The state Department of Education would make the money available to the state Treasurer, which would operate the program. If insufficient funding is available, priority would go to students whose applications were submitted first.
Parents could apply for an education savings account after July 1, 2020. The household income of applying families is not to exceed $150,000 a year. A parental review committee would be established to help the Treasurer oversee the use of the program.
The Senate adopted four amendments to the Student Success Act and advanced the bill to third reading during a Sunday afternoon floor session.
Senator Charlie Trump (R-Morgan, 15) successfully amended the bill. His change deals with the withholding of pay and preventing extracurricular activities during a public school strike. The amendment also prevents superintendents from being able to close school during a work stoppage.

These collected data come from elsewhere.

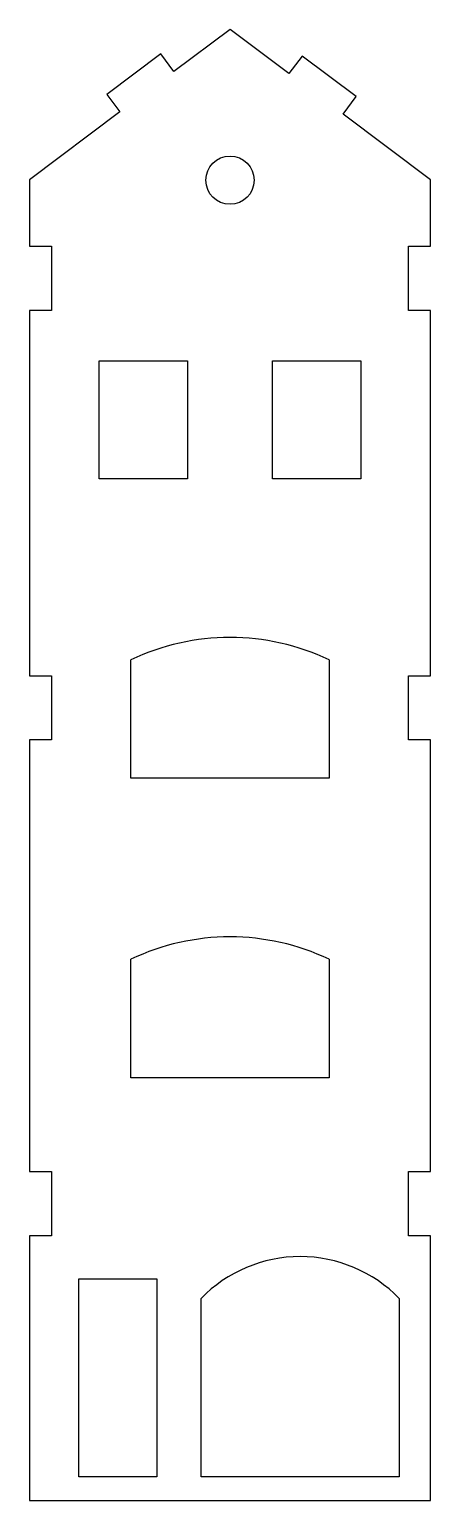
# Model space of a CAD drawing. Header units: millimetres. Extents: x -9.1 to 9.1, y -33.5 to 33.5.
import ezdxf

# ---------------------------------------------------------------- set-up
doc = ezdxf.new("R2010")
doc.units = ezdxf.units.MM
doc.layers.get('0').update_dxf_attribs({"linetype": 'CONTINUOUS'})

msp = doc.modelspace()

# ---------------------------------------------------------------- linework, layer by layer
for p, q in [((0, 33.501), (-2.552, 31.587)), ((2.685, 31.487), (0, 33.501)), ((-3.152, 32.387), (-5.612, 30.542)), ((-2.552, 31.587), (-3.152, 32.387)), ((3.285, 32.287), (2.685, 31.487)), ((5.745, 30.442), (3.285, 32.287)), ((-5.612, 30.542), (-5.012, 29.742)), ((5.145, 29.642), (5.745, 30.442)), ((-5.012, 29.742), (-9.128, 26.655)), ((9.128, 26.655), (5.145, 29.642)), ((-9.128, 26.655), (-9.128, 23.629)), ((9.128, 23.629), (9.128, 26.655)), ((-9.128, 23.629), (-8.128, 23.629)), ((-8.128, 23.629), (-8.128, 20.704)), ((8.128, 20.704), (8.128, 23.629)), ((8.128, 23.629), (9.128, 23.629)), ((-8.128, 20.704), (-9.128, 20.704)), ((-9.128, 20.704), (-9.128, 4.071)), ((9.128, 20.704), (8.128, 20.704)), ((9.128, 4.071), (9.128, 20.704)), ((-5.957, 13.038), (-5.957, 18.417)), ((-5.957, 18.417), (-1.941, 18.417)), ((-1.941, 18.417), (-1.941, 13.038)), ((1.941, 18.417), (5.957, 18.417)), ((1.941, 13.038), (1.941, 18.417)), ((5.957, 18.417), (5.957, 13.038)), ((-1.941, 13.038), (-5.957, 13.038)), ((5.957, 13.038), (1.941, 13.038)), ((-4.508, -0.599), (-4.508, 4.795)), ((4.508, 4.795), (4.508, -0.599)), ((-9.128, 4.071), (-8.128, 4.071)), ((-8.128, 4.071), (-8.128, 1.146)), ((8.128, 1.146), (8.128, 4.071)), ((8.128, 4.071), (9.128, 4.071)), ((-8.128, 1.146), (-9.128, 1.146)), ((-9.128, 1.146), (-9.128, -18.504)), ((9.128, 1.146), (8.128, 1.146)), ((9.128, -18.504), (9.128, 1.146)), ((4.508, -0.599), (-4.508, -0.599)), ((-4.508, -14.235), (-4.508, -8.842)), ((4.508, -8.842), (4.508, -14.235)), ((4.508, -14.235), (-4.508, -14.235)), ((-9.128, -18.504), (-8.128, -18.504)), ((-8.128, -18.504), (-8.128, -21.429)), ((8.128, -21.429), (8.128, -18.504)), ((8.128, -18.504), (9.128, -18.504)), ((-8.128, -21.429), (-9.128, -21.429)), ((-9.128, -21.429), (-9.128, -33.492)), ((9.128, -21.429), (8.128, -21.429)), ((9.128, -33.492), (9.128, -21.429)), ((-6.884, -23.401), (-3.323, -23.401)), ((-6.884, -32.417), (-6.884, -23.401)), ((-3.323, -23.401), (-3.323, -32.417)), ((-1.314, -32.417), (-1.314, -24.288)), ((7.702, -24.288), (7.702, -32.417)), ((-3.323, -32.417), (-6.884, -32.417)), ((7.702, -32.417), (-1.314, -32.417)), ((-9.128, -33.492), (9.128, -33.492))]:
    msp.add_line(p, q)
msp.add_circle((0, 26.636), 1.099)
for centre, radius, start, end in [((0, -4.647), 10.462, 64.47735, 115.52265), ((0, -18.283), 10.462, 64.47735, 115.52265), ((3.194, -28.669), 6.286, 44.18096, 135.81904)]:
    msp.add_arc(centre, radius, start, end)

doc.saveas('drawing.dxf')

The change codifies that strikes of this nature are illegal.
Senator Ryan Weld (R-Brooke, 1) amended the bill to remove an institution of higher education from being a potential authorizer of charter schools, among other changes.
Senator Eric Tarr (R-Putnam, 4) amended the bill to allow county boards to establish an exceptional needs fund from surpluses for students who are likely to perform better outside of the public school setting.
Senator Patricia Rucker (R-Jefferson, 16) made a technical amendment to the bill.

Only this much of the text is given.